I am sorry to disagree with you.

While they are parallel tangents, their directions are opposite.

But you knew that and were trying to snooker me.  🤓

For real fun, use my function with the same ellipse but a tangent direction of 3.2.  Then you can tell me my function is faulty.

---

@john.uhden wrote:

.... While they are parallel tangents, their directions are opposite. ....

---

Who says?  The two green Lines run in the same direction.  If you intended that the drawn direction of the Ellipse itself needs to be the same as that of the [virtual] Line, that should have been made clear in Message 1.  To my mind, the wording "the tangent direction is equal to the one entered" is legitimately interpretable as meaning the direction of the [virtual] Line that would be tangent at the desired point.

Kent Cooper, AIA

I think John is looking for a vector, a ray tangent to the ellipse, not an xline.

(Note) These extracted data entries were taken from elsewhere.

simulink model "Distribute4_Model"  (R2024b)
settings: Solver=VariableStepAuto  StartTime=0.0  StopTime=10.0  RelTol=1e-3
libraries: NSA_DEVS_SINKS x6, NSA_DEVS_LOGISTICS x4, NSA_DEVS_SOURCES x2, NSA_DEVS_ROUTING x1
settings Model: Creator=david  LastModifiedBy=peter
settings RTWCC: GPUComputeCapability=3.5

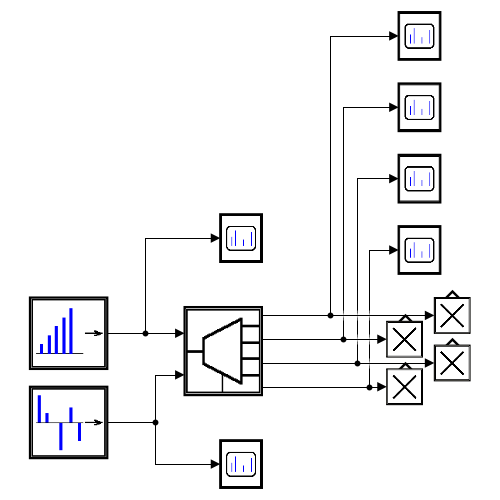
[thumbnail: Simulink's stored preview of the top-level diagram]
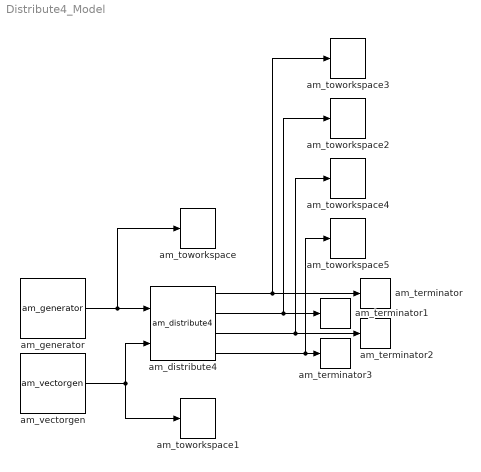
== system Distribute4_Model ==
  am_distribute4 : NSA_DEVS_ROUTING/am_distribute4  port0=1  field="\"\""  tau=[0,1]  debug=0
      settings: SourceProductName=Routing
  am_generator : NSA_DEVS_SOURCES/am_generator  tG=1  n0=1  nG=100  tD=[0,2]  debug=0
      settings: SourceProductName=Sources
  am_terminator{,1..3} (4 alike) : NSA_DEVS_LOGISTICS/am_terminator  tau=[0,1]  debug=0
      settings: SourceProductName=Logistics
  am_toworkspace : NSA_DEVS_SINKS/am_toworkspace  varname="\"genOut\""  t0=0  format="\"vector\""  tau=[0,5]  debug=0
      settings: SourceProductName=Sinks
  am_toworkspace1 : NSA_DEVS_SINKS/am_toworkspace  varname="\"vgenOut\""  t0=0  format="\"vector\""  tau=[0,5]  debug=0
      settings: SourceProductName=Sinks
  am_toworkspace2 : NSA_DEVS_SINKS/am_toworkspace  varname="\"dist2Out\""  t0=0  format="\"vector\""  tau=[0,5]  debug=0
      settings: SourceProductName=Sinks
  am_toworkspace3 : NSA_DEVS_SINKS/am_toworkspace  varname="\"dist1Out\""  t0=0  format="\"vector\""  tau=[0,5]  debug=0
      settings: SourceProductName=Sinks
  am_toworkspace4 : NSA_DEVS_SINKS/am_toworkspace  varname="\"dist3Out\""  t0=0  format="\"vector\""  tau=[0,5]  debug=0
      settings: SourceProductName=Sinks
  am_toworkspace5 : NSA_DEVS_SINKS/am_toworkspace  varname="\"dist4Out\""  t0=0  format="\"vector\""  tau=[0,5]  debug=0
      settings: SourceProductName=Sinks
  am_vectorgen : NSA_DEVS_SOURCES/am_vectorgen  tvec=[1.5 2.5 4.5 6.5 8.5 10.5]  yvec=[2, 3, 2, 1, 4, 1]  tau=[0,1]  debug=0
      settings: SourceProductName=Sources
  wires:
  am_generator/1 -> am_distribute4/1, am_toworkspace/1
  am_distribute4/1 -> am_terminator/1, am_toworkspace3/1
  am_distribute4/2 -> am_terminator1/1, am_toworkspace2/1
  am_distribute4/3 -> am_terminator2/1, am_toworkspace4/1
  am_vectorgen/1 -> am_distribute4/2, am_toworkspace1/1
  am_distribute4/4 -> am_toworkspace5/1, am_terminator3/1
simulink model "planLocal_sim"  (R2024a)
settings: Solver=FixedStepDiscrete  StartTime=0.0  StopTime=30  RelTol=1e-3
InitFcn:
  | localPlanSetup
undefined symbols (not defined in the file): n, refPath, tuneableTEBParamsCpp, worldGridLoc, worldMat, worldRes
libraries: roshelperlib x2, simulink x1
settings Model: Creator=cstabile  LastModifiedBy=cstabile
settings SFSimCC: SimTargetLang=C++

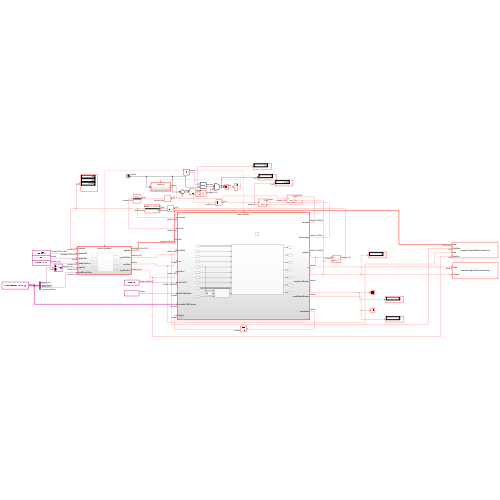
[thumbnail: Simulink's stored preview of the top-level diagram]
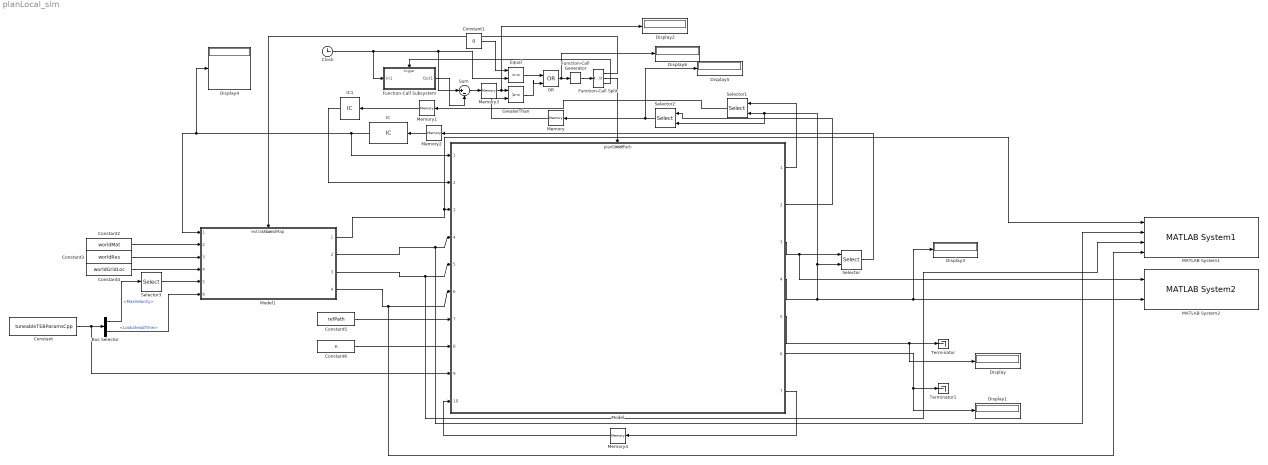
== system planLocal_sim ==
  Bus Selector : BusSelector  OutputSignals=MaxVelocity,LookaheadTime
  Clock : Clock
  Constant : Constant  Value=tuneableTEBParamsCpp  OutDataTypeStr=Bus: teb_bus
  Constant1 : Constant  Value=0
  Constant2 : Constant  Value=worldMat  VectorParams1D=off
  Constant3 : Constant  Value=worldRes
  Constant4 : Constant  Value=worldGridLoc  VectorParams1D=off
  Constant5 : Constant  Value=refPath  VectorParams1D=off
  Constant6 : Constant  Value=n
  Display{,1..6} (7 alike) : Display
  Equal : RelationalOperator  Operator===  OutDataTypeStr=boolean  RndMeth=Simplest  InputSameDT=off
  Function-Call Generator : simulink/Ports & Subsystems/Function-Call Generator  sample_time=1  numberOfIterations=1  DisallowWideOutput=off  ShowEnablePort=on
  Function-Call Split : FunctionCallSplit  IconShape=distinctive  NumOutputPorts=3  OutputPortLayout=default
  Function-Call Subsystem : Subsystem  TreatAsAtomicUnit=on
  GreaterThan : RelationalOperator  OutDataTypeStr=boolean  RndMeth=Simplest  InputSameDT=off
  IC : InitialCondition  Value=refPath(1,:) + [10 10 0]
  IC1 : InitialCondition  Value=[0 0]
  MATLAB System1 : roshelperlib/MATLAB System1  MapType=SDF  IsEgo=on  DisplayVisual=on  SimulateUsing=Interpreted execution
  MATLAB System2 : roshelperlib/MATLAB System2  VisualizationParameters={'k-'}  PlotType=Line  DisplayVisual=on  SimulateUsing=Interpreted execution
  Memory{,1..4} (5 alike) : Memory
  Model : ModelReference  ModelNameDialog=planLocalPath.slx  SimulationMode=Normal  ModelReferenceVersion=1.7  TriggerPortName=function  TriggerPortTriggerType=function-call  TriggerPortStatesWhenEnabling=held
  Model1 : ModelReference  ModelNameDialog=extractLocalMap.slx  SimulationMode=Normal  ModelReferenceVersion=1.0  TriggerPortName=function  TriggerPortTriggerType=function-call  TriggerPortStatesWhenEnabling=held
  OR : Logic  Operator=OR  IconShape=distinctive  AllPortsSameDT=off  OutDataTypeStr=boolean
  Selector : Selector  NumberOfDimensions=2  InputPortWidth=3  IndexOptions=Starting index (port),Select all  Indices=[1 3],1  OutputSizes=1,1
  Selector1 : Selector  NumberOfDimensions=2  InputPortWidth=3  IndexOptions=Starting index (port),Select all  Indices=[1 3],1  OutputSizes=1,1
  Selector2 : Selector  NumberOfDimensions=2  InputPortWidth=3  IndexOptions=Starting index (port),Select all  Indices=[1 3],1  OutputSizes=1,1
  Selector3 : Selector  InputPortWidth=2  IndexOptions=Index vector (dialog)  Indices=1  OutputSizes=1
  Sum : Sum  Inputs=|+-
  Terminator : Terminator
  Terminator1 : Terminator
  wires:
  Clock/1 -> Function-Call Subsystem/1(In1), Sum/1, Equal/2
  Model/2 -> Selector2/1
  GreaterThan/1 -> OR/2
  Equal/1 -> OR/1
  Constant1/1 -> Equal/1
  OR/1 -> Display6/1, Function-Call Generator/1
  Model/3 -> MATLAB System2/1, Selector/1
  Model/4 -> Selector2/2, Selector1/2, Selector/2, MATLAB System2/2, Display3/1
  Selector/1 -> Memory2/1
  Model/1 -> Selector1/1
  Constant2/1 -> Model1/2
  Constant3/1 -> Model1/3
  Constant4/1 -> Model1/4
  Model/5 -> Display/1, Terminator/1
  Model/6 -> Display1/1, Terminator1/1
  Bus Selector/2 -> Model1/6  "<LookaheadTime>"
  Bus Selector/1 -> Selector3/1  "<MaxVelocity>"
  Constant6/1 -> Model/8
  Constant5/1 -> Model/7
  Model1/4 -> MATLAB System1/4, Model/6
  Constant/1 -> Model/9, Bus Selector/1
  Model1/3 -> MATLAB System1/3, Model/5
  Model1/2 -> MATLAB System1/2, Model/4
  Model1/1 -> MATLAB System1/1, Model/3
  Function-Call Split/2 -> Model/Trigger
  IC1/1 -> Model/2
  IC/1 -> Display4/1, Model1/1, Model/1
  Selector1/1 -> Memory1/1
  Selector3/1 -> Model1/5
  Function-Call Generator/1 -> Function-Call Split/1
  Selector2/1 -> Display5/1, Memory/1
  Function-Call Split/1 -> Model1/Trigger
  Memory/1 -> GreaterThan/2
  Memory1/1 -> IC1/1
  Memory2/1 -> IC/1
  Function-Call Split/3 -> Function-Call Subsystem/Trigger
  Function-Call Subsystem/1(Out1) -> Sum/2
  Sum/1 -> Memory3/1
  Memory3/1 -> Display2/1, GreaterThan/1
  Model/7 -> Memory4/1
  Memory4/1 -> Model/10

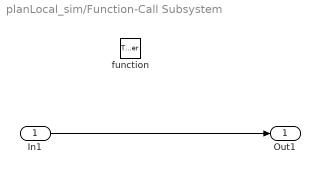
== system planLocal_sim/Function-Call Subsystem ==
  In1 : Inport
  function : TriggerPort  TriggerType=function-call  VariantControl=(inherit)
  Out1 : Outport
  wires:
  In1/1 -> Out1/1

But given that restriction, try this:

(defun ETPA (ellipse tang / ctr tangD eobj robj ints foundit) ; = Ellipse Tangent Point for Angle
  (setq
    ctr (getpropertyvalue ellipse "Center")
    tangD (* (/ tang pi) 180); in degrees for Rotate prompts
  ); setq
  (command "_.rotate" ellipse "" "_non" ctr "_reference" tangD 0); tang direction to horizontal
  (vla-getboundingbox (setq eobj (vlax-ename->vla-object ellipse)) 'minpt 'maxpt)
  (command
    "_.rectang" "_non" (vlax-safearray->list minpt) "_non" (vlax-safearray->list maxpt)
      ; rectangle with edges parallel/perpendicular to tang direction
    "_.rotate" ellipse (entlast) "" "_non" ctr "_reference" 0 tangD ; back to original orientation
  ); command
  (setq
    robj (vlax-ename->vla-object (entlast))
    ints (vlax-invoke eobj 'IntersectWith robj acExtendNone)
  ); setq
  (entdel (entlast)); delete rectangle
  (while (and ints (not foundit))
    (setq pt (list (car ints) (cadr ints) (caddr ints))); first [remaining] intersection
    (if
      (equal
        (angle
          '(0 0 0)
          (vlax-curve-getFirstDeriv ellipse (vlax-curve-getParamAtPoint ellipse pt))
        ); angle
        tang
        1e-8
      ); equal
      (setq foundit T); then [stop (while) loop, keep pt variable]
      (setq ints (cdddr ints)); else - remove latest intersection
    ); if
  ); while
  (if foundit
    (progn ; then
      (setvar 'pdmode 35); so point shows
      (command "_.point" "_non" pt)
    ); progn
    (prompt "\nEllipse does not pass at that direction anywhere."); else
  ); if
  (princ)
); defun

Kent Cooper, AIA

@Kent1Cooper 

It doesn't count for much but I said it.

Where do "virtual" lines come into this?

Yes, I can draw a house footprint CW or CCW and it's the same footprint, but here we are talking about directions.  Even a line has one start point and one endpoint, which give it a direction.  And a first derivative is a direction.

So if you're driving up the road and come to an intersection, will a left turn point you in the same direction as a right turn?  And don't try giving me the tangent argument.  A tangent is just a unitless ratio.  A direction has units, in this example radians.  Should I have provided a surveyor's bearing instead?  I hope you won't try to tell me that a bearing of N45°W is the same direction as S45°E.  If you think they're the same "virtually" then you're not getting a job where I work.

BTW, I had said nothing about the drawn direction of the ellipse.  I just provided the entmake list so that everyone started out on the same page.

If you want to throw some mud in my face, tell me my function won't work on a mirrored ellipse (210 0.0 0.0 -1.0).

It doesn't.  I hadn't thought about that at all.